I hear the objection already, that the partial increase in one’s earnings due to eliminating Social Security while increasing welfare expenditures financed through general taxes, would not be enough to offset the total elimination of benefits even to the middle class and wealthy payers, so that such a plan would not be good for them either.

A little bit of reflection shows that anyone offering such an objection has granted the point, that Social Security is in no sense designed as a pension program. For it cannot simultaneously be true that both the poor and the non-poor are being subsidized in their retirement from the combined pool of Social Security “contributions” unless it is the case that those not retired are making up the difference between what the retirees paid in and what they are receiving.

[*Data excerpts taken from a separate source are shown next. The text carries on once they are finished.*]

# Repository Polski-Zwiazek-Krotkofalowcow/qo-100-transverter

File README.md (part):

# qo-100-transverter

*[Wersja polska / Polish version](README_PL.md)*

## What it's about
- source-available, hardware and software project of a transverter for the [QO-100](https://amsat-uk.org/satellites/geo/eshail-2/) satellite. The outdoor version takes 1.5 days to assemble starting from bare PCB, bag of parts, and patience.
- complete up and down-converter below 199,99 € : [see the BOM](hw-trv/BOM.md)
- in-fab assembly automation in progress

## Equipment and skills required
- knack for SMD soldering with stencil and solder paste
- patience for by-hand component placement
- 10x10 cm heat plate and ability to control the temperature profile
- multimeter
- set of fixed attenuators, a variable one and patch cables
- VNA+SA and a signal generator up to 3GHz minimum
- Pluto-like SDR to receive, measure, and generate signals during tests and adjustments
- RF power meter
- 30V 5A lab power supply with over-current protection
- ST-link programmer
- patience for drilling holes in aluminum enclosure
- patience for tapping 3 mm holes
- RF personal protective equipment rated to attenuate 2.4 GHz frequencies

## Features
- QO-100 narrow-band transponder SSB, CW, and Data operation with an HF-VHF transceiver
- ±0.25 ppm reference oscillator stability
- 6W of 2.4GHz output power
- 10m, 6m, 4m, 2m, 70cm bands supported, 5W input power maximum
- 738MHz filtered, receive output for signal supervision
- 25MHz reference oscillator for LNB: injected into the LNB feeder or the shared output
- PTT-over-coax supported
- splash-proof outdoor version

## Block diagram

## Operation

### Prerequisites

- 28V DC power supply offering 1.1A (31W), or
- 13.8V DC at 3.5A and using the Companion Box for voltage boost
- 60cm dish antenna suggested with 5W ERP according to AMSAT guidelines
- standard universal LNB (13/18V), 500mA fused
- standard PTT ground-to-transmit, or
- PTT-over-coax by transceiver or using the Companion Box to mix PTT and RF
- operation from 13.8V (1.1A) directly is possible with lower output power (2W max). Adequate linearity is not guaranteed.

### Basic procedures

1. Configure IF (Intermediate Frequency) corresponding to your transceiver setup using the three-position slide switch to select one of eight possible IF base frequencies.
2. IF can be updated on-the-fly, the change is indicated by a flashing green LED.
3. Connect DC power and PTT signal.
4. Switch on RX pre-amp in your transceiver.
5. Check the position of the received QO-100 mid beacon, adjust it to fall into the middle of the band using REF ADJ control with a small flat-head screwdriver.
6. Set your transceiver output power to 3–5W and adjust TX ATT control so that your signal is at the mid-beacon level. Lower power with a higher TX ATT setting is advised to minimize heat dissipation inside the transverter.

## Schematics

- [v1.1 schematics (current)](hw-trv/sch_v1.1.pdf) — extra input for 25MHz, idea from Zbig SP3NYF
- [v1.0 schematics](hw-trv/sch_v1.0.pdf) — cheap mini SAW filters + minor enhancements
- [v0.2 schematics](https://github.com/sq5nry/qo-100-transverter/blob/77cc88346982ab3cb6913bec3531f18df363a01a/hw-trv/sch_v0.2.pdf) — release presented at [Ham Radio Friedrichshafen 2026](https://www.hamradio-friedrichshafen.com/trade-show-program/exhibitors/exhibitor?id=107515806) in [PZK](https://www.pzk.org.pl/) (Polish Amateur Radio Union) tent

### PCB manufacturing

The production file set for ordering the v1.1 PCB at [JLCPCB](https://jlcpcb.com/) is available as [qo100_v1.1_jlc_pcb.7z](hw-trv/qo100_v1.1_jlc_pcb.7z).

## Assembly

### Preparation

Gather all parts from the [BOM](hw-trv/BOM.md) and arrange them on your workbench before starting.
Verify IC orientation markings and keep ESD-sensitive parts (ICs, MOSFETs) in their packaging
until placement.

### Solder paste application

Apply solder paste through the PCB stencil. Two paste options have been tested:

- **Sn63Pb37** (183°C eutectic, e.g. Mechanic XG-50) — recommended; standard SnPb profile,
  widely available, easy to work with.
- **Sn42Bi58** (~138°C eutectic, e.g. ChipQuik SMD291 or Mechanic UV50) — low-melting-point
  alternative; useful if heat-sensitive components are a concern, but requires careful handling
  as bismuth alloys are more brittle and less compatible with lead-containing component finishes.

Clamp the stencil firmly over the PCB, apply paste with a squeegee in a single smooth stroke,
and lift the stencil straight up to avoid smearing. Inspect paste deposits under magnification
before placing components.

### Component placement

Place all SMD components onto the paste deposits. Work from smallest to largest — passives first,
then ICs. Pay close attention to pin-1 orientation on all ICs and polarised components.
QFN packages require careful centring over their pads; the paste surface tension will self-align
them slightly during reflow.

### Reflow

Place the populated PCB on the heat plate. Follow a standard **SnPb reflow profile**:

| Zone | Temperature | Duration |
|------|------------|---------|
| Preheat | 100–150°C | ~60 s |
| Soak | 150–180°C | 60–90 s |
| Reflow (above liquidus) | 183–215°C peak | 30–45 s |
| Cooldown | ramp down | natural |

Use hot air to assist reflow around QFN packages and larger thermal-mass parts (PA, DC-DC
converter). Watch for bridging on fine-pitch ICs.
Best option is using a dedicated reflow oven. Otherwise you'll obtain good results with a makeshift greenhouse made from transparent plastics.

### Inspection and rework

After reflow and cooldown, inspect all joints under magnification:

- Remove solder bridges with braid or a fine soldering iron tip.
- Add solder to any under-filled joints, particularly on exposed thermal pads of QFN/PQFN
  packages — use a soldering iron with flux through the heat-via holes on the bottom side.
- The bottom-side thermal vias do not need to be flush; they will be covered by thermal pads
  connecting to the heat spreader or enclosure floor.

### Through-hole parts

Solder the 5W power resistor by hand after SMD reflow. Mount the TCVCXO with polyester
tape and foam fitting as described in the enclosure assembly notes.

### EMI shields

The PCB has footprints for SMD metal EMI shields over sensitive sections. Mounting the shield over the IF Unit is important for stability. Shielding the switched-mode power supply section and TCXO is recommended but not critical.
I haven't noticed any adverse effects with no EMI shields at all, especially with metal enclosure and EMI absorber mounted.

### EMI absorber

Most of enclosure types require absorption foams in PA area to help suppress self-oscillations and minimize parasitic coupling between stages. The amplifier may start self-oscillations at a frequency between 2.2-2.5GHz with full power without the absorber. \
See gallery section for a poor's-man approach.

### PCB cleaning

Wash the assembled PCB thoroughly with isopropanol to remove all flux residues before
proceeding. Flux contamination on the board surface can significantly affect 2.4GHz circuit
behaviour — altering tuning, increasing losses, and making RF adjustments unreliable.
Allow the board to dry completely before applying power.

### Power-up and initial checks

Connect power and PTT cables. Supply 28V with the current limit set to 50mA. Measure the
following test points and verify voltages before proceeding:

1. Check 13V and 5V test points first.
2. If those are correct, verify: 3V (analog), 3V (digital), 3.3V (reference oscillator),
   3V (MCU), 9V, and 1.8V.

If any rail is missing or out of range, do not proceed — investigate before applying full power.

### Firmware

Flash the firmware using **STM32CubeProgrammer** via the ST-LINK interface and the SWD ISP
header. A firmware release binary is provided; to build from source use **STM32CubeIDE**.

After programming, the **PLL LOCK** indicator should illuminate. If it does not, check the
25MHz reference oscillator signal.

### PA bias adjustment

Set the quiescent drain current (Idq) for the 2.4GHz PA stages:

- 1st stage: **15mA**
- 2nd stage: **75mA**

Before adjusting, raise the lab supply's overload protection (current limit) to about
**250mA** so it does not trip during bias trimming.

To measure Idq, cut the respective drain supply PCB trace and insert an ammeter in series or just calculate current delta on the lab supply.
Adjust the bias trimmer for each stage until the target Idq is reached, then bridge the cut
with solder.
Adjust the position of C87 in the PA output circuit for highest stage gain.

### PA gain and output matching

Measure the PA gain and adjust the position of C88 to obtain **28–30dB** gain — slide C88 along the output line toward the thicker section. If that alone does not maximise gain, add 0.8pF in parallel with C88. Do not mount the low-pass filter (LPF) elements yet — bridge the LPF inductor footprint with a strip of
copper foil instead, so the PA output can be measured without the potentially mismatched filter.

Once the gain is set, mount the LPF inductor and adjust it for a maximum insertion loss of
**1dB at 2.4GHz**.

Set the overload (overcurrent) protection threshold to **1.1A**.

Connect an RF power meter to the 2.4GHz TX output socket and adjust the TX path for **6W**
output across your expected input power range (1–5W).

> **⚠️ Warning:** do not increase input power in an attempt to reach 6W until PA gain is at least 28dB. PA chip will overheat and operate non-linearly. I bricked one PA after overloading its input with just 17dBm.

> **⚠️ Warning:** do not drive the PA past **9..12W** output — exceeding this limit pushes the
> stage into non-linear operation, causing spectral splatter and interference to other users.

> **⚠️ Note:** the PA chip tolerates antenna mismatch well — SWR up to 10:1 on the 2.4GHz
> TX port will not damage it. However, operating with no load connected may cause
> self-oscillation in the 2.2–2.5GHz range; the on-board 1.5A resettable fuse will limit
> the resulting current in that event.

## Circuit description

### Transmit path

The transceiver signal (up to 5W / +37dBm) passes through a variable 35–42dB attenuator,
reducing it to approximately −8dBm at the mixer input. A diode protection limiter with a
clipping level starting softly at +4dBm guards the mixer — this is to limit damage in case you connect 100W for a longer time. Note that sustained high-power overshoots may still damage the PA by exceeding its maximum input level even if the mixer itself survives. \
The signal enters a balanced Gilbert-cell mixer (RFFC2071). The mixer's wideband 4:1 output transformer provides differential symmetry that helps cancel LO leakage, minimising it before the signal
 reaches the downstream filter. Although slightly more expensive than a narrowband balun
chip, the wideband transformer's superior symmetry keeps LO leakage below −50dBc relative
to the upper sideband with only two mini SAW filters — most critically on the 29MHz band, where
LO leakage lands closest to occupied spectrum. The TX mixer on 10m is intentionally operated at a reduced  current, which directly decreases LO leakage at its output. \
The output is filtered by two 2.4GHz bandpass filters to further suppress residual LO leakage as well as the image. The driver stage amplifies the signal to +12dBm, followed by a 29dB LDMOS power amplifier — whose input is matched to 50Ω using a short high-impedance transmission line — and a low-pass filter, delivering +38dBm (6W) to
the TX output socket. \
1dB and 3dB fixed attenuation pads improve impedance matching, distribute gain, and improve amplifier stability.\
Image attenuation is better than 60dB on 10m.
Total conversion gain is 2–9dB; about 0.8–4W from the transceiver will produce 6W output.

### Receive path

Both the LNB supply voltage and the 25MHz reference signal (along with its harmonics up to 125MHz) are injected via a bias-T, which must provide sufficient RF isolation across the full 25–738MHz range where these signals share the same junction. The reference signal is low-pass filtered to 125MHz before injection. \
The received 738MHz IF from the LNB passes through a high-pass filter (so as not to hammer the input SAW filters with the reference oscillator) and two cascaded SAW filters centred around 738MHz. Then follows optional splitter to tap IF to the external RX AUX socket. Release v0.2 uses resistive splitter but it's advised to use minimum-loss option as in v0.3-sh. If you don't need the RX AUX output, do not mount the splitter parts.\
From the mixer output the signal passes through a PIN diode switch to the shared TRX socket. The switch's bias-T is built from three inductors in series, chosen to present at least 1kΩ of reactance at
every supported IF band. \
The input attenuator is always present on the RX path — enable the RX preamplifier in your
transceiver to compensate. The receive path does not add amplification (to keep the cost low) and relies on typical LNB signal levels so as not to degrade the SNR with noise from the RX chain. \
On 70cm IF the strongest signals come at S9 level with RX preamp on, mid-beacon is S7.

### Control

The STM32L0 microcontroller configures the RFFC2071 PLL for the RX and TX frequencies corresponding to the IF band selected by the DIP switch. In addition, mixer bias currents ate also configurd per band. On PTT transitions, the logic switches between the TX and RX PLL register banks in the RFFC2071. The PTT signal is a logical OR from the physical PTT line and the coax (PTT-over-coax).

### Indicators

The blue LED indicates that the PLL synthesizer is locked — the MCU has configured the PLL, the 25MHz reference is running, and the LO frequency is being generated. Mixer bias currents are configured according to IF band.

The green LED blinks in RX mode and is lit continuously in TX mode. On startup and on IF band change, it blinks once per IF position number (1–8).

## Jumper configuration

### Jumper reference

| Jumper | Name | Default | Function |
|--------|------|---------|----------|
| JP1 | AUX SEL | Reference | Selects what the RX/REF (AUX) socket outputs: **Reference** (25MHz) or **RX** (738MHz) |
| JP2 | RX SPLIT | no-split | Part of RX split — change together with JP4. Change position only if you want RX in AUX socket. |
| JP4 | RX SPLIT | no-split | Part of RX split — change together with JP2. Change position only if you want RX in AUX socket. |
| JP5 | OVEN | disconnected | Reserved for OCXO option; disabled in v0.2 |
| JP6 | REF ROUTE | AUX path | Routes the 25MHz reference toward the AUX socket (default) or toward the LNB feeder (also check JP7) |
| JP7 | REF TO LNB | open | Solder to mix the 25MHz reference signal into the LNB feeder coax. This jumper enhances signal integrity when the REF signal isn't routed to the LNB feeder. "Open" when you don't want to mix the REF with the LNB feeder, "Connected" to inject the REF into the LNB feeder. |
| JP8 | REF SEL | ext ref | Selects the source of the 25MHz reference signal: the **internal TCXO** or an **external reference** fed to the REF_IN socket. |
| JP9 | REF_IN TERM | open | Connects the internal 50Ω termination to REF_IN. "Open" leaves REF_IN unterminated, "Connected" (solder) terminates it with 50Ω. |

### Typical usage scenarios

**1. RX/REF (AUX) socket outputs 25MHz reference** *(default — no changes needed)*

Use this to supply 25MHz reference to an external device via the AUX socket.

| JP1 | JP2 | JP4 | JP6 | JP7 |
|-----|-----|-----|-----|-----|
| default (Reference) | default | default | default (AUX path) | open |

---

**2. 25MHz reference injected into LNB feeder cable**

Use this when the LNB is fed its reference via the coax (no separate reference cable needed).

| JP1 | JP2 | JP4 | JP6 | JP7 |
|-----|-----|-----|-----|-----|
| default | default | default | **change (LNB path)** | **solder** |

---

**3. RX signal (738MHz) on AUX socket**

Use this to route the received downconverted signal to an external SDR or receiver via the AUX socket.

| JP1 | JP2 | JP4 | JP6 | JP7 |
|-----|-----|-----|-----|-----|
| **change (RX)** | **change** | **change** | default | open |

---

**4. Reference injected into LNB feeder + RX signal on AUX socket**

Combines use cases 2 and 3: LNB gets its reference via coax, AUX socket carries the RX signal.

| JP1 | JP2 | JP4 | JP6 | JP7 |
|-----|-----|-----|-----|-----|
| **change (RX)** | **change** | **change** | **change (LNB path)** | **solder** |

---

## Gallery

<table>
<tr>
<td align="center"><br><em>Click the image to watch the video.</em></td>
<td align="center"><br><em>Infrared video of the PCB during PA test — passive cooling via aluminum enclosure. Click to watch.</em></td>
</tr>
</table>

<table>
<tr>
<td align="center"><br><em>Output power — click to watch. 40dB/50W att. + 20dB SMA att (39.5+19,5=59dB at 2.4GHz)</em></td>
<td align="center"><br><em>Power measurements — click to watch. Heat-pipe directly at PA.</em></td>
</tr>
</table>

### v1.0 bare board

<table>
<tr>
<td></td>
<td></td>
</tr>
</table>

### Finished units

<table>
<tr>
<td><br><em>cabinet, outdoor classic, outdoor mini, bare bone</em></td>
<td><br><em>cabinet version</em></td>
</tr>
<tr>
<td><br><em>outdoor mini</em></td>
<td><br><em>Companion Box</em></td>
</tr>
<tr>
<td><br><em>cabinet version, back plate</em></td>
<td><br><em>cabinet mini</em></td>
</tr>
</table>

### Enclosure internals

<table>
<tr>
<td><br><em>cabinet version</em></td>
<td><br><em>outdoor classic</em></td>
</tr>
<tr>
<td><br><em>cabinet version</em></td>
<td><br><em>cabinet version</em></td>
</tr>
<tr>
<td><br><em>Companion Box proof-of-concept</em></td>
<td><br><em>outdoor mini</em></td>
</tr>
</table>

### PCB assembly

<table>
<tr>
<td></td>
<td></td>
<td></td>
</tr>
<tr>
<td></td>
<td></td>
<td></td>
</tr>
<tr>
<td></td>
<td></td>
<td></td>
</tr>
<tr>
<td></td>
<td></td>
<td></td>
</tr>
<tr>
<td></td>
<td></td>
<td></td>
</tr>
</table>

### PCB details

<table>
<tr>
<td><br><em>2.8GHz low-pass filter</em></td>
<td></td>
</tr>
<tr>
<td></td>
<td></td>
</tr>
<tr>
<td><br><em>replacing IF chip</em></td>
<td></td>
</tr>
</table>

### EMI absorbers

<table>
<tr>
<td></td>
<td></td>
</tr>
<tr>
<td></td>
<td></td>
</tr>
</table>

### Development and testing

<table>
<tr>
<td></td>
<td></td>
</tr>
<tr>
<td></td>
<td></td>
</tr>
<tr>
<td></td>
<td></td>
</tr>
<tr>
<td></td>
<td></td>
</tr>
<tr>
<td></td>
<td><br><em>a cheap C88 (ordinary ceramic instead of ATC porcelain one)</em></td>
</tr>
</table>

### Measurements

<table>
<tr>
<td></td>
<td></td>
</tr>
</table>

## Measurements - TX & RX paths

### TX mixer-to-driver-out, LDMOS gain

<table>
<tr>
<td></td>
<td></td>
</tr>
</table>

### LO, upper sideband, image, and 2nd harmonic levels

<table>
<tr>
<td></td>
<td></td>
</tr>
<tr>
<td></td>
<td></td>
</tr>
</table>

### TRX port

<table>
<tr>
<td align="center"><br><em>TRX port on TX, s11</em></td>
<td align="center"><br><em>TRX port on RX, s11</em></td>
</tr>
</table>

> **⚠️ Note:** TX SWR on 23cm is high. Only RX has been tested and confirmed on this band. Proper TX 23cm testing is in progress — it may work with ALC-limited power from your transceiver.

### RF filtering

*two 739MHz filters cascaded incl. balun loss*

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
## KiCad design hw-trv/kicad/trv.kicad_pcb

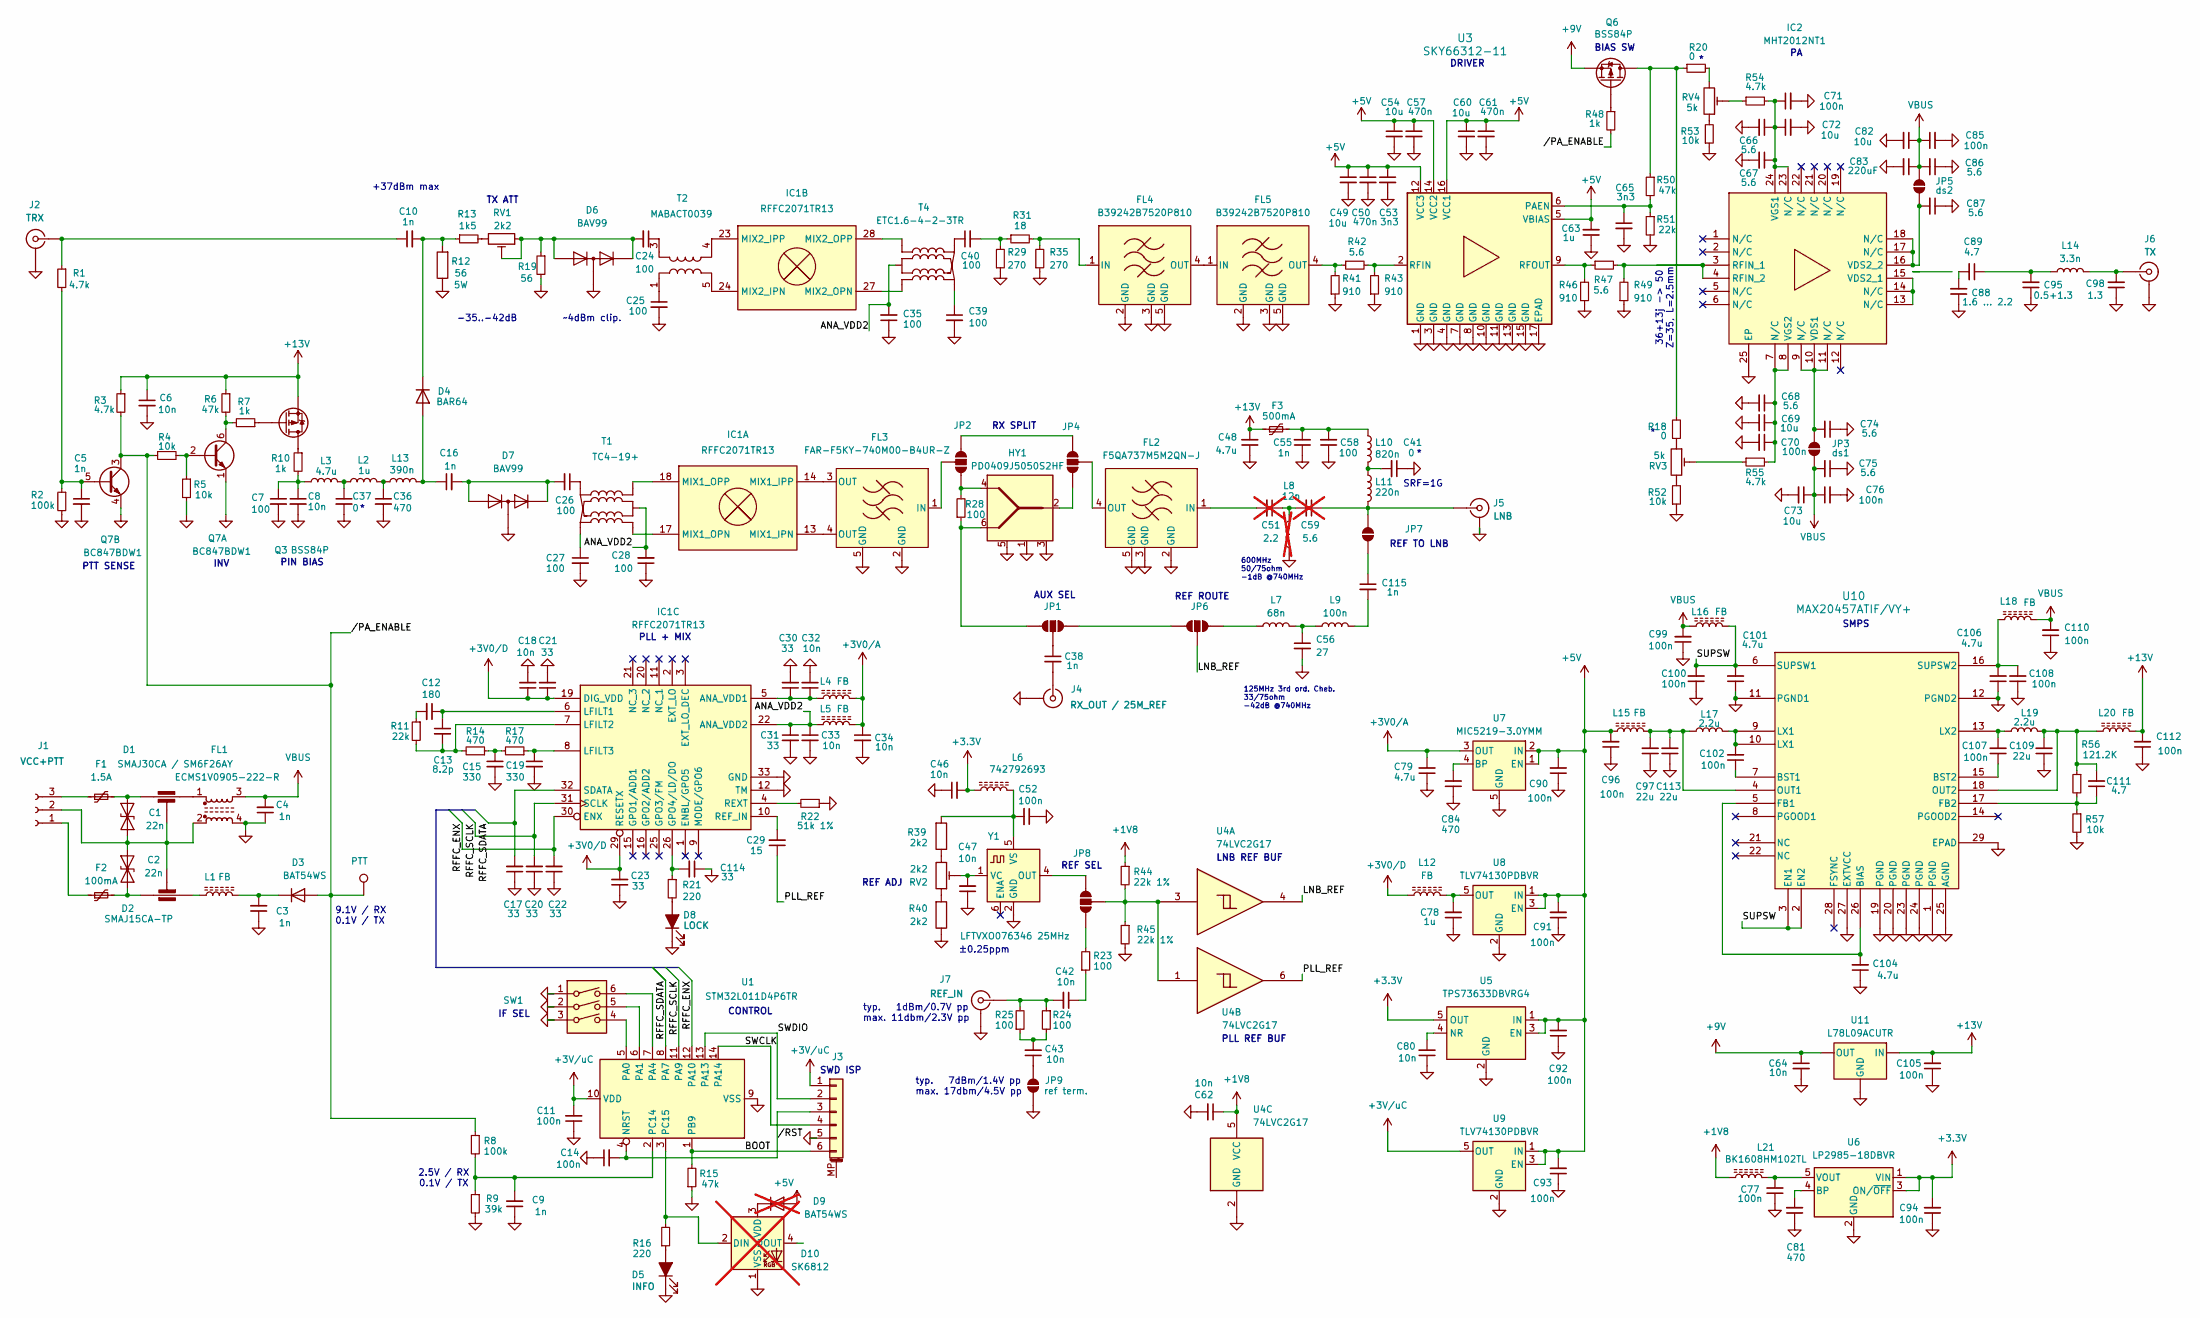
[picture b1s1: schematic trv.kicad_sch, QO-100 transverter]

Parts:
C1: 22n; Filter_Mini-Circuits_FV1206; Voltage 100V
C2: 22n; Filter_Mini-Circuits_FV1206; Voltage 50V
C3, C4, C5, C9, C16, C38, C55, C115: 1n; C_0603_1608Metric_Pad1.08x0.95mm_HandSolder; Voltage 35V
C6, C8, C18, C32, C33, C34, C46, C47, C62, C64, C80: 10n; C_0603_1608Metric_Pad1.08x0.95mm_HandSolder; Voltage 16V
C7, C58: 100; C_0603_1608Metric_Pad1.08x0.95mm_HandSolder; Voltage 35V
C10: 1n; C_0603_1608Metric_Pad1.08x0.95mm_HandSolder; Voltage 100V
C11, C14, C52, C77, C90, C91, C92, C93, C94: 100n; C_0603_1608Metric_Pad1.08x0.95mm_HandSolder; Voltage 16V
C12: 180; C_0603_1608Metric_Pad1.08x0.95mm_HandSolder; Voltage 16V
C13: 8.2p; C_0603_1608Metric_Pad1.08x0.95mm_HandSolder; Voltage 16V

Here again the madness of the concept manifests itself: for this “surplus benefit” being paid for by today’s workers will be part of the baseline that they reckon from when they reach that state, from which the demand will naturally be made that the next generation add a corresponding surplus. Unless a mathematics is invented whereby percentages can continue to be added without ever reaching 100%, such a system cannot continue in the long run. But the generation whose pet economist reassured them that “in the long run we’re all dead” could not worry about such consequences.

This then is our system: an absurdly expensive social program, which is falsely masqueraded as a pension system, built on chain-letter economics, deceptively packaged (the false notion that the employer pays for part of it), and appealing to envy in the notion that others should support me at their level in my retirement. This is our politically untouchable mandatory retirement program.
Resolving the Quagmire
Biblical Foundation for a Critique
(1) Injustice of the Program — At this point we need to come to terms with a very fundamental observation. Most critics of Social Security assert that the expected return from privately investing the same money now spent on the Social Security tax, would be much higher than what is in fact returned by Social Security. But an ethical objection can be raised regardless of whether or not this is true. Obviously, one of the following must be the case: my return from social security will be either (1) less than, (2) equal to, or (3) greater than, what a sound private investment would yield. If (2), then the system proves to have been a superfluous encroachment upon my freedom. If (1) proves true, then I am indeed being cheated. But if (3) is the case, then someone else is being forced to subsidize my retirement.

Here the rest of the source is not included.